In my view, that presumption of discrimination in disparate impact cases is the wrong way to look at labor markets. Often it is invoked even against firms that have overt affirmative action programs, when there is no hidden agenda of discrimination to smoke out. Nor does gratuitous discrimination make sense. It is costly to hire and train new workers. Smart businesses always prefer carrots, like pay raises and promotion, to sticks, like stagnation, demotion or dismissal. It is dangerous business to assert in litigation, for example, that men and women want different things out of their employment relationships. The initial suspicion of firm motives means that any individual lawsuit alleging employment discrimination involves a major commitment of time and effort to review, and then to explain to a jury, every aspect of performance, payment and promotion. These suits send shudders through the executive suite because of the corrosive effect on corporate morale. 

Class Action Synergy

Matters only get worse because of the unfortunate synergy between class action employment discrimination cases. The major 1966 class action reform had relatively modest ambitions, to allow class actions whenever common issues dominated litigation. The paradigmatic case was, for example, the denial of dividend payments to a given class of shareholders, all of whom are similarly situated vis-à-vis the firm. But resourceful lawyers and compliant judges kept expanding the types of cases amenable to class action relief.

Consider a recent class action lawsuit that Lorene F. Schaefer filed against General Electric. Schaefer claims her recent demotion after favorable reviews showed that she had collided with GE’s “absolute glass ceiling.” Her complaint details why her demotion, after 13 years of success and promotion, reflected so ill on GE. Her suit joins key members of the GE management team, including CEO Jeffrey R. Immelt. After Schaefer details her own case, she adds the kicker that her grievances are not individual but structural, which makes her the appropriate class representative for all GE’s female “executive band,” or upper echelon, employees and all its female lawyers regardless of rank. All this takes place without uttering a word about the dissatisfaction of any other female employee.

GE’s highly complex internal structure, with seven different divisions, necessarily relies on decentralized control, which cries out against class actions. The common issues are few and far between on complex personnel matters. But knowledgeable plaintiffs’ lawyers think they have a fair shot of certifying all or part of this mass as one huge class action. 

What Next?

The battle is fought on two fronts. The internal management strategy, which can be unilaterally implemented, requires all large firms to rigorously document every personnel decision to rebut any inference of discrimination. Similarly, firms should be wary of giving extravagant praise to any individual employee lest it undermine the company’s position in any subsequent litigation. Sound crazy? Well, it is-for any rational firm that relies on informality for and praise for motivation of its top people. Just as Sarbanes-Oxley has created a “compliance culture” for investment decisions, so the modern employee class action creates a similar culture for personnel matters.

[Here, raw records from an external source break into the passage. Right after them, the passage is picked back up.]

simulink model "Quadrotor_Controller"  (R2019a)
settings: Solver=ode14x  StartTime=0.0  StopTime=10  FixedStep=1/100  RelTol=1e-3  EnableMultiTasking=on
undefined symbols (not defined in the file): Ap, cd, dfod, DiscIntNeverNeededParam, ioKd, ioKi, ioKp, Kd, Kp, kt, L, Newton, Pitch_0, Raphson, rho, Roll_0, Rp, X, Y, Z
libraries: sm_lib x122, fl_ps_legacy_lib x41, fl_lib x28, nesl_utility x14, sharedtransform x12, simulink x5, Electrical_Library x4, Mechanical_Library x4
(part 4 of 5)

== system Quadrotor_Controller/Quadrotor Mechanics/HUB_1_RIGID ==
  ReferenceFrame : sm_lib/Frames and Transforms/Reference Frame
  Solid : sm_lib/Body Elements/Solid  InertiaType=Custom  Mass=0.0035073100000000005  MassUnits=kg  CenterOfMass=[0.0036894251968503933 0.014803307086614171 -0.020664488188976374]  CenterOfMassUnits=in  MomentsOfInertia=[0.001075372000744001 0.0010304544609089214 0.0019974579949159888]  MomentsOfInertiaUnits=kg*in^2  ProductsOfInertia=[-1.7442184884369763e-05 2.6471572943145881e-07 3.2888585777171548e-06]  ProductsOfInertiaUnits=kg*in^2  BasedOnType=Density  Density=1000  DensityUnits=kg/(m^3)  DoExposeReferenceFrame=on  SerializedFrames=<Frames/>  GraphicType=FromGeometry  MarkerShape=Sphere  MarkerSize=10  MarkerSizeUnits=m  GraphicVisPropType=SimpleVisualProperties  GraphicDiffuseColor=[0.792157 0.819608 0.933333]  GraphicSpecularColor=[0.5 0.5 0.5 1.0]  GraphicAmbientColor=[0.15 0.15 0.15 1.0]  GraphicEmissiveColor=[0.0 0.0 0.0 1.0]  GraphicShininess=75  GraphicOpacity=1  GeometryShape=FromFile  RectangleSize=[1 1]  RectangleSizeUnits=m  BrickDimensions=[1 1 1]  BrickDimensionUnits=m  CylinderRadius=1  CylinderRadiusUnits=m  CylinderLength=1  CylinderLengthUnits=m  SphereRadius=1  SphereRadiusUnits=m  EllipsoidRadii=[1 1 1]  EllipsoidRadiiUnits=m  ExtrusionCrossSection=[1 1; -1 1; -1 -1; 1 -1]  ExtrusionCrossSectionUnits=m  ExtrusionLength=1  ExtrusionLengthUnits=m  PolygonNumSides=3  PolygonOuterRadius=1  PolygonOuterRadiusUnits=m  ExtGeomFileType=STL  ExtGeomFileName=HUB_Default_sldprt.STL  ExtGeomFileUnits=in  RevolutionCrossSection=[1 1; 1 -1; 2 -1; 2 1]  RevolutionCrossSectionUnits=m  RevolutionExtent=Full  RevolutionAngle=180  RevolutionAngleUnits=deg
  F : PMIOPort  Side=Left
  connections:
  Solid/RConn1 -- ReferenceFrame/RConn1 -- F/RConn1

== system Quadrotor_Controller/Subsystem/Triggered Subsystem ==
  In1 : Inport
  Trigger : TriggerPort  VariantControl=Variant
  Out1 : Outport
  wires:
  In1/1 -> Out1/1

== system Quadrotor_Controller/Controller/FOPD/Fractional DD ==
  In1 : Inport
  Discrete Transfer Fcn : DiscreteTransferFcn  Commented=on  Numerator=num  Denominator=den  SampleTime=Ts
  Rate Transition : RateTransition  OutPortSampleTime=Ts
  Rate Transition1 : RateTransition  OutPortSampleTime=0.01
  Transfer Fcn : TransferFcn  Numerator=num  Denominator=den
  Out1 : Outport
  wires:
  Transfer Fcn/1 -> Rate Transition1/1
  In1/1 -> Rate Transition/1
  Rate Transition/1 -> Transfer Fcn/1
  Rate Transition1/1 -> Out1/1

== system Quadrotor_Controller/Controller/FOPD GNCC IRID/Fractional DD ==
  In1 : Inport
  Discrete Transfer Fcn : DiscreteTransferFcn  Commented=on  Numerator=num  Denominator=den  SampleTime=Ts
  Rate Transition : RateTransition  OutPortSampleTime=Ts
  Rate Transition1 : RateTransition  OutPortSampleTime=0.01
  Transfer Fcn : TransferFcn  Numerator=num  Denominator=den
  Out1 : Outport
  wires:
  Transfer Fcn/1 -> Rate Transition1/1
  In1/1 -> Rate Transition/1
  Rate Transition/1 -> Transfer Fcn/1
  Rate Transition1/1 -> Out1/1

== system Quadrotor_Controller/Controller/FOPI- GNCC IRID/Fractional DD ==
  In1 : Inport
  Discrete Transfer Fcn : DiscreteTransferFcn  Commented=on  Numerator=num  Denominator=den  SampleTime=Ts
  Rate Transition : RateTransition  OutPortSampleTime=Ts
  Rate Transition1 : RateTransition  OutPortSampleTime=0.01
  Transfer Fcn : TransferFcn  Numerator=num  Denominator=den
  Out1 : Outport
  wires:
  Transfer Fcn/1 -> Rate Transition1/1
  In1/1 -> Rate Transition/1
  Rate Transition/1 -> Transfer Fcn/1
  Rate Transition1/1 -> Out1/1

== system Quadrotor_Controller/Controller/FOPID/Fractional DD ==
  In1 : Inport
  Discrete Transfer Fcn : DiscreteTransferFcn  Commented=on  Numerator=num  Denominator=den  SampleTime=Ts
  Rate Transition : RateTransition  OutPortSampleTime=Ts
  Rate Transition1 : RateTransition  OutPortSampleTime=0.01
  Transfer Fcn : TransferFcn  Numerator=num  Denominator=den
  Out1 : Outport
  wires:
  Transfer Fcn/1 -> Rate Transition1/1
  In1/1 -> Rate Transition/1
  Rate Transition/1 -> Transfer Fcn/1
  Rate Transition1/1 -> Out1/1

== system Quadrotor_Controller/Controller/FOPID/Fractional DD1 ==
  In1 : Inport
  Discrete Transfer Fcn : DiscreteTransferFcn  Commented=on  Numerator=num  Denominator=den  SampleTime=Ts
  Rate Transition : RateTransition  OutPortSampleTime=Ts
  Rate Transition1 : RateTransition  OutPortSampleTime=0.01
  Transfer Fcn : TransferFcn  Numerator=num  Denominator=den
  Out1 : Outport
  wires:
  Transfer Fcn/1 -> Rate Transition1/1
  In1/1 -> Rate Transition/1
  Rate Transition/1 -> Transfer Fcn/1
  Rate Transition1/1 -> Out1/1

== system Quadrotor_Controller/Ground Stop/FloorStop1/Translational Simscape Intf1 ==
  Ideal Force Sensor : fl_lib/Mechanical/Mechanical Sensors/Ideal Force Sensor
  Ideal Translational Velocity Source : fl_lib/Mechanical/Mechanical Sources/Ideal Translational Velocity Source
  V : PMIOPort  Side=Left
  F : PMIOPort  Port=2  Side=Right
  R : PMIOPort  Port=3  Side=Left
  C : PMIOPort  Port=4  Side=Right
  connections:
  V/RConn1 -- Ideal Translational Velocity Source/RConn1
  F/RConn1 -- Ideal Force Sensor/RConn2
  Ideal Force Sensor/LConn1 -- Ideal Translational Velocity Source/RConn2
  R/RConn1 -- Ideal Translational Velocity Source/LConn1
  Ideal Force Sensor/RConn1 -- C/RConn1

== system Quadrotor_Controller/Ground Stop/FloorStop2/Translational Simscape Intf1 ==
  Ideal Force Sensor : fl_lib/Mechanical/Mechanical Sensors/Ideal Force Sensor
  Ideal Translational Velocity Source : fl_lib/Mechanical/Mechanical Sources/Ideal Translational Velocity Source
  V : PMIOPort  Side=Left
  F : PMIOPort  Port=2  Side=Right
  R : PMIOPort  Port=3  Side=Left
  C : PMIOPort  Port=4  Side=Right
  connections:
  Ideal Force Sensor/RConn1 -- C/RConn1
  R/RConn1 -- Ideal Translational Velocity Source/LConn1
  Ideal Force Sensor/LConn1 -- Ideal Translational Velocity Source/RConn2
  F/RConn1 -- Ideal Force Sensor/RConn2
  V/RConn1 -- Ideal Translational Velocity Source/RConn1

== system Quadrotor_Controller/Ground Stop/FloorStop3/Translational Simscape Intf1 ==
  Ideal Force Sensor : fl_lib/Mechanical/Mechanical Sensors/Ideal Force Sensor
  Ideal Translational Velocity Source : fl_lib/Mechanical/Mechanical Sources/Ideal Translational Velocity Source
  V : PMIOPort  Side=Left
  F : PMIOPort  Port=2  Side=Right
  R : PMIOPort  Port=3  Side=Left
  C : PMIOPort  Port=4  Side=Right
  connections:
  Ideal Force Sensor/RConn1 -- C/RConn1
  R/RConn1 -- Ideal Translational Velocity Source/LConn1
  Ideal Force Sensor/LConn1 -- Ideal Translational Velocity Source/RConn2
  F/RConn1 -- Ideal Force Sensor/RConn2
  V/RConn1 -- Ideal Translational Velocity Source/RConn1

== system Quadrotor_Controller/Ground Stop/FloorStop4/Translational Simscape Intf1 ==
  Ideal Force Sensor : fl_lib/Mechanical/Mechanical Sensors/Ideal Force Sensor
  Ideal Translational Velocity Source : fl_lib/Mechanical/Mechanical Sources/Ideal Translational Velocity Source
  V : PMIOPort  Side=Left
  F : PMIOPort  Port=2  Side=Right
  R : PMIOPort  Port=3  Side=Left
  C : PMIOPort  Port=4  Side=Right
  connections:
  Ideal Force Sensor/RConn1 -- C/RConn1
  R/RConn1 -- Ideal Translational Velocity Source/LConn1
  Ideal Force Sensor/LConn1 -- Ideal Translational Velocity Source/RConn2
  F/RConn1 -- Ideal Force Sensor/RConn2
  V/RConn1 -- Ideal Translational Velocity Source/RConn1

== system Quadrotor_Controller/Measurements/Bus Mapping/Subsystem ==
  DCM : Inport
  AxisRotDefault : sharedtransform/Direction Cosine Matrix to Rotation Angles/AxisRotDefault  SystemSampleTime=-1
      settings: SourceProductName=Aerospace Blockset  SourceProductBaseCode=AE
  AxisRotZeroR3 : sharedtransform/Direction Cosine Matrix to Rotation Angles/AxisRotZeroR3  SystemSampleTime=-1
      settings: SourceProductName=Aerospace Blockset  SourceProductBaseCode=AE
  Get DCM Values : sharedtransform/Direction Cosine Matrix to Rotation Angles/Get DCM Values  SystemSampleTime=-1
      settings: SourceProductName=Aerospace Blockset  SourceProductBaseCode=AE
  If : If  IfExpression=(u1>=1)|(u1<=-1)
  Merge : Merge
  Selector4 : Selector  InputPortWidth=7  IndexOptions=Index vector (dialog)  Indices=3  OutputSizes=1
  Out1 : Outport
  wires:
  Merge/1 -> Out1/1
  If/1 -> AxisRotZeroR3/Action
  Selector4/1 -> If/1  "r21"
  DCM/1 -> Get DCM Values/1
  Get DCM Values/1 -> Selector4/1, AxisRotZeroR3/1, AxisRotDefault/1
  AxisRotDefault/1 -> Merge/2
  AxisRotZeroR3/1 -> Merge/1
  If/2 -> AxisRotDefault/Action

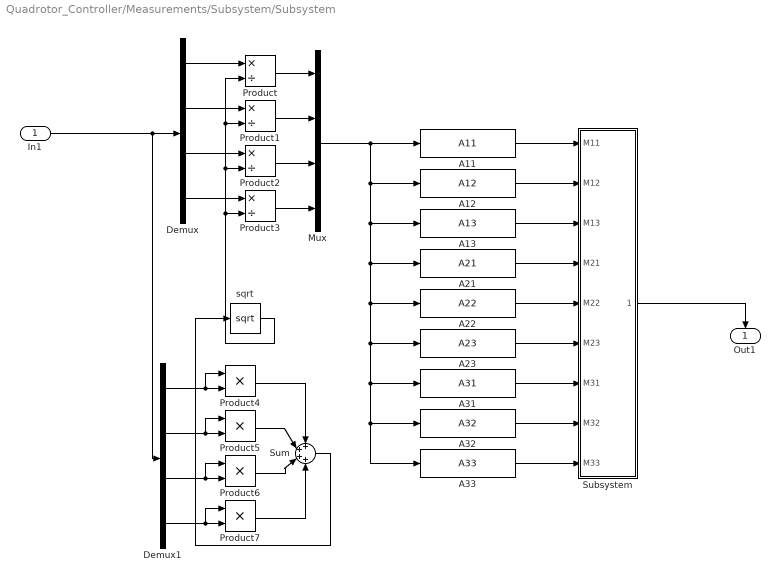
== system Quadrotor_Controller/Measurements/Subsystem/Subsystem ==
  In1 : Inport
  A11 : sharedtransform/Quaternions to  Direction Cosine Matrix/A11  SystemSampleTime=-1
      settings: SourceProductName=Aerospace Blockset  SourceProductBaseCode=AE
  A12 : sharedtransform/Quaternions to  Direction Cosine Matrix/A12  SystemSampleTime=-1
      settings: SourceProductName=Aerospace Blockset  SourceProductBaseCode=AE
  A13 : sharedtransform/Quaternions to  Direction Cosine Matrix/A13  SystemSampleTime=-1
      settings: SourceProductName=Aerospace Blockset  SourceProductBaseCode=AE
  A21 : sharedtransform/Quaternions to  Direction Cosine Matrix/A21  SystemSampleTime=-1
      settings: SourceProductName=Aerospace Blockset  SourceProductBaseCode=AE
  A22 : sharedtransform/Quaternions to  Direction Cosine Matrix/A22  SystemSampleTime=-1
      settings: SourceProductName=Aerospace Blockset  SourceProductBaseCode=AE
  A23 : sharedtransform/Quaternions to  Direction Cosine Matrix/A23  SystemSampleTime=-1
      settings: SourceProductName=Aerospace Blockset  SourceProductBaseCode=AE
  A31 : sharedtransform/Quaternions to  Direction Cosine Matrix/A31  SystemSampleTime=-1
      settings: SourceProductName=Aerospace Blockset  SourceProductBaseCode=AE
  A32 : sharedtransform/Quaternions to  Direction Cosine Matrix/A32  SystemSampleTime=-1
      settings: SourceProductName=Aerospace Blockset  SourceProductBaseCode=AE
  A33 : sharedtransform/Quaternions to  Direction Cosine Matrix/A33  SystemSampleTime=-1
      settings: SourceProductName=Aerospace Blockset  SourceProductBaseCode=AE
  Demux : Demux
  Demux1 : Demux
  Mux : Mux
  Product{,1..3} (4 alike) : Product  Inputs=*/
  Product{4..7} (4 alike) : Product
  Subsystem : Subsystem
  Sum : Sum  Inputs=4
  sqrt : Sqrt  AlgorithmType=Newton-Raphson  SaturateOnIntegerOverflow=on
  Out1 : Outport
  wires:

On the external side, there is no real prospect of easing employment discrimination laws. CEOs might organize a campaign to curb class actions in employment disputes, or even knock out class actions for highlevel employees altogether. The securities class action reforms in 1995 and the Class Action Fairness Act of 2005 suggest the law here is fluid, and some motion possible. After all, mega-suits like Schaefer almost make CEOs pine for the European system, which does not presently allow employee class actions.

And remember, any relaxation of class actions will help across the board. More forgiving labor laws will encourage CEOs to take risks, which is far more valuable to women and minorities as a group than the class actions which benefit, at best, a tiny fraction of that population at the expense of a far larger labor market.


Richard A. Epstein, the James Parker Hall Distinguished Service Professor of Law and the Peter and Kirsten Bedford Senior Fellow at The Hoover Institution, is the author of Forbidden Grounds: The Case Against Employment Discrimination Laws.